Give back every entry exactly as it is written, but not the pictures.

═══ Data for analysis ═══

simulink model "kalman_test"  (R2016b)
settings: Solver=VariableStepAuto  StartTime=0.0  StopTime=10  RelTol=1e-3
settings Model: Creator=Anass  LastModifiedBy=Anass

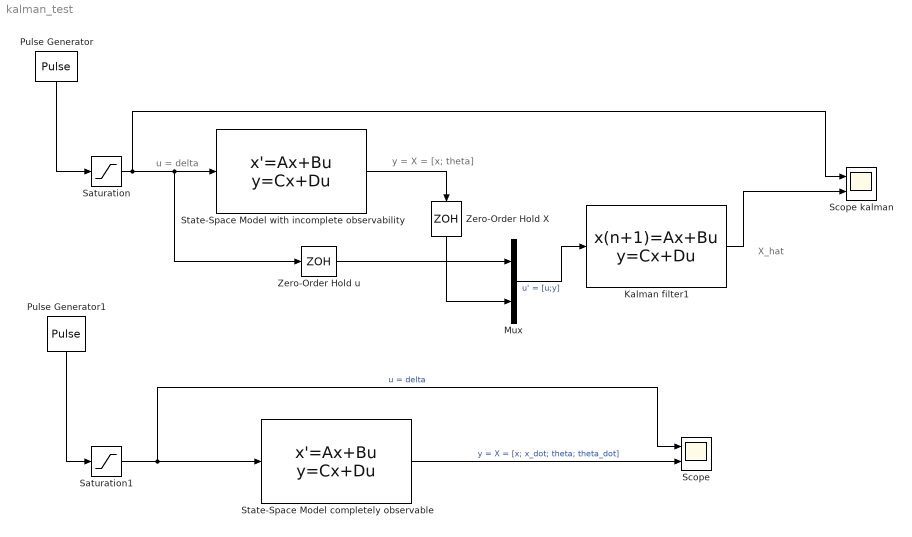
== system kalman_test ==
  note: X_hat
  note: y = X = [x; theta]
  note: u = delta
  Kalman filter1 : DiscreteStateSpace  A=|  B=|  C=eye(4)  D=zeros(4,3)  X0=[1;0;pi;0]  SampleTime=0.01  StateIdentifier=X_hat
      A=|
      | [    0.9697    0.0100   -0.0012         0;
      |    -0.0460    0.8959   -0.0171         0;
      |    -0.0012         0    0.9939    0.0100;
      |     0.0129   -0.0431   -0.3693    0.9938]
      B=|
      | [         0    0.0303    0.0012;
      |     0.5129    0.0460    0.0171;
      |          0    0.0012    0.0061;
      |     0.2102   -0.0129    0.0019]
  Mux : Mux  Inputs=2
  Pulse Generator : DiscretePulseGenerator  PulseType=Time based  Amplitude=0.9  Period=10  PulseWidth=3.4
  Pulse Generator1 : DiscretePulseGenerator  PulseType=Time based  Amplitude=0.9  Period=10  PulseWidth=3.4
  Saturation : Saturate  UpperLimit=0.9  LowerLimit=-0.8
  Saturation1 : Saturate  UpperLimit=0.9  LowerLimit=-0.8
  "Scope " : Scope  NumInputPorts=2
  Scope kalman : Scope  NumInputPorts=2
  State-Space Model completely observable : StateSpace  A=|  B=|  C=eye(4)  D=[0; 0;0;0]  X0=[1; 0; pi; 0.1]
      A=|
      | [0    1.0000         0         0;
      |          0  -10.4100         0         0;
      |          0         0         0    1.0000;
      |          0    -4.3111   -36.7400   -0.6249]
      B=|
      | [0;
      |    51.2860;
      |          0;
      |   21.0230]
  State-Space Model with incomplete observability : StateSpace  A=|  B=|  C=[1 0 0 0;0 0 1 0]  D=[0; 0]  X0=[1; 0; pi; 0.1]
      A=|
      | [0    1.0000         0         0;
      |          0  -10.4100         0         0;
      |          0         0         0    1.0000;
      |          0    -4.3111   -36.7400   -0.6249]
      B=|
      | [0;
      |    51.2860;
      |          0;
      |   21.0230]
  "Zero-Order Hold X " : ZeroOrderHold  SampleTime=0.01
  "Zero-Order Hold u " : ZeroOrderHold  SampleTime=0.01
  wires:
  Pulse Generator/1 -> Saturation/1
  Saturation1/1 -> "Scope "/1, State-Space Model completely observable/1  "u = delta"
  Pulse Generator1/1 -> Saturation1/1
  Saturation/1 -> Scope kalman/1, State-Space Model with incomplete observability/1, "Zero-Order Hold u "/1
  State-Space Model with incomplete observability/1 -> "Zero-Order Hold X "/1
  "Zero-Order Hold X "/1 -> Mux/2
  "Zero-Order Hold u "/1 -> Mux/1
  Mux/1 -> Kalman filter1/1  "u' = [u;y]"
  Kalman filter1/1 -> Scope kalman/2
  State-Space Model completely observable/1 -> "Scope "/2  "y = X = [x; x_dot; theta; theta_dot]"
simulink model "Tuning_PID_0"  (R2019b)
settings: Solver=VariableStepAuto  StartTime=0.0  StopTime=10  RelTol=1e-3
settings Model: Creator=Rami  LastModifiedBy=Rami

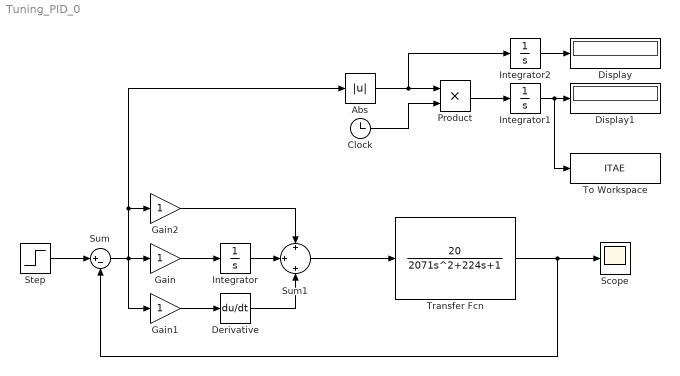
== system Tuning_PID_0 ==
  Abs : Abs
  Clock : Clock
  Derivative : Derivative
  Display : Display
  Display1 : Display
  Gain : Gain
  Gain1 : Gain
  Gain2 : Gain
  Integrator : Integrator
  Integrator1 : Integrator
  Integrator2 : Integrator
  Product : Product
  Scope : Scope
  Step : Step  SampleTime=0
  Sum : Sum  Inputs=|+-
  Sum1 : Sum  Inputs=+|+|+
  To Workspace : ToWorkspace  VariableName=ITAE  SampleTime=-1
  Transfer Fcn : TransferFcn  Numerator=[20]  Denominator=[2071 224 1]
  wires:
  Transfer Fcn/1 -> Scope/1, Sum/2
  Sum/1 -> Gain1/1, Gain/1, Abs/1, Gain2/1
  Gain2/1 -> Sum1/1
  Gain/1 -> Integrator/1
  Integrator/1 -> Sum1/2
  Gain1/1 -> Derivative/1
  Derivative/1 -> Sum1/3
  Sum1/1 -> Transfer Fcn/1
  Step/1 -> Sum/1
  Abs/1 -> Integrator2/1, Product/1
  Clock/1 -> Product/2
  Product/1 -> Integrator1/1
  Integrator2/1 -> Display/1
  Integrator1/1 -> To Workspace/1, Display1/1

═══

### [The completed task]
simulink model "kalman_test"  (R2016b)
settings: Solver=VariableStepAuto  StartTime=0.0  StopTime=10  RelTol=1e-3
settings Model: Creator=Anass  LastModifiedBy=Anass

== system kalman_test ==
  note: X_hat
  note: y = X = [x; theta]
  note: u = delta
  Kalman filter1 : DiscreteStateSpace  A=|  B=|  C=eye(4)  D=zeros(4,3)  X0=[1;0;pi;0]  SampleTime=0.01  StateIdentifier=X_hat
      A=|
      | [    0.9697    0.0100   -0.0012         0;
      |    -0.0460    0.8959   -0.0171         0;
      |    -0.0012         0    0.9939    0.0100;
      |     0.0129   -0.0431   -0.3693    0.9938]
      B=|
      | [         0    0.0303    0.0012;
      |     0.5129    0.0460    0.0171;
      |          0    0.0012    0.0061;
      |     0.2102   -0.0129    0.0019]
  Mux : Mux  Inputs=2
  Pulse Generator : DiscretePulseGenerator  PulseType=Time based  Amplitude=0.9  Period=10  PulseWidth=3.4
  Pulse Generator1 : DiscretePulseGenerator  PulseType=Time based  Amplitude=0.9  Period=10  PulseWidth=3.4
  Saturation : Saturate  UpperLimit=0.9  LowerLimit=-0.8
  Saturation1 : Saturate  UpperLimit=0.9  LowerLimit=-0.8
  "Scope " : Scope  NumInputPorts=2
  Scope kalman : Scope  NumInputPorts=2
  State-Space Model completely observable : StateSpace  A=|  B=|  C=eye(4)  D=[0; 0;0;0]  X0=[1; 0; pi; 0.1]
      A=|
      | [0    1.0000         0         0;
      |          0  -10.4100         0         0;
      |          0         0         0    1.0000;
      |          0    -4.3111   -36.7400   -0.6249]
      B=|
      | [0;
      |    51.2860;
      |          0;
      |   21.0230]
  State-Space Model with incomplete observability : StateSpace  A=|  B=|  C=[1 0 0 0;0 0 1 0]  D=[0; 0]  X0=[1; 0; pi; 0.1]
      A=|
      | [0    1.0000         0         0;
      |          0  -10.4100         0         0;
      |          0         0         0    1.0000;
      |          0    -4.3111   -36.7400   -0.6249]
      B=|
      | [0;
      |    51.2860;
      |          0;
      |   21.0230]
  "Zero-Order Hold X " : ZeroOrderHold  SampleTime=0.01
  "Zero-Order Hold u " : ZeroOrderHold  SampleTime=0.01
  wires:
  Pulse Generator/1 -> Saturation/1
  Saturation1/1 -> "Scope "/1, State-Space Model completely observable/1  "u = delta"
  Pulse Generator1/1 -> Saturation1/1
  Saturation/1 -> Scope kalman/1, State-Space Model with incomplete observability/1, "Zero-Order Hold u "/1
  State-Space Model with incomplete observability/1 -> "Zero-Order Hold X "/1
  "Zero-Order Hold X "/1 -> Mux/2
  "Zero-Order Hold u "/1 -> Mux/1
  Mux/1 -> Kalman filter1/1  "u' = [u;y]"
  Kalman filter1/1 -> Scope kalman/2
  State-Space Model completely observable/1 -> "Scope "/2  "y = X = [x; x_dot; theta; theta_dot]"
simulink model "Tuning_PID_0"  (R2019b)
settings: Solver=VariableStepAuto  StartTime=0.0  StopTime=10  RelTol=1e-3
settings Model: Creator=Rami  LastModifiedBy=Rami

== system Tuning_PID_0 ==
  Abs : Abs
  Clock : Clock
  Derivative : Derivative
  Display : Display
  Display1 : Display
  Gain : Gain
  Gain1 : Gain
  Gain2 : Gain
  Integrator : Integrator
  Integrator1 : Integrator
  Integrator2 : Integrator
  Product : Product
  Scope : Scope
  Step : Step  SampleTime=0
  Sum : Sum  Inputs=|+-
  Sum1 : Sum  Inputs=+|+|+
  To Workspace : ToWorkspace  VariableName=ITAE  SampleTime=-1
  Transfer Fcn : TransferFcn  Numerator=[20]  Denominator=[2071 224 1]
  wires:
  Transfer Fcn/1 -> Scope/1, Sum/2
  Sum/1 -> Gain1/1, Gain/1, Abs/1, Gain2/1
  Gain2/1 -> Sum1/1
  Gain/1 -> Integrator/1
  Integrator/1 -> Sum1/2
  Gain1/1 -> Derivative/1
  Derivative/1 -> Sum1/3
  Sum1/1 -> Transfer Fcn/1
  Step/1 -> Sum/1
  Abs/1 -> Integrator2/1, Product/1
  Clock/1 -> Product/2
  Product/1 -> Integrator1/1
  Integrator2/1 -> Display/1
  Integrator1/1 -> To Workspace/1, Display1/1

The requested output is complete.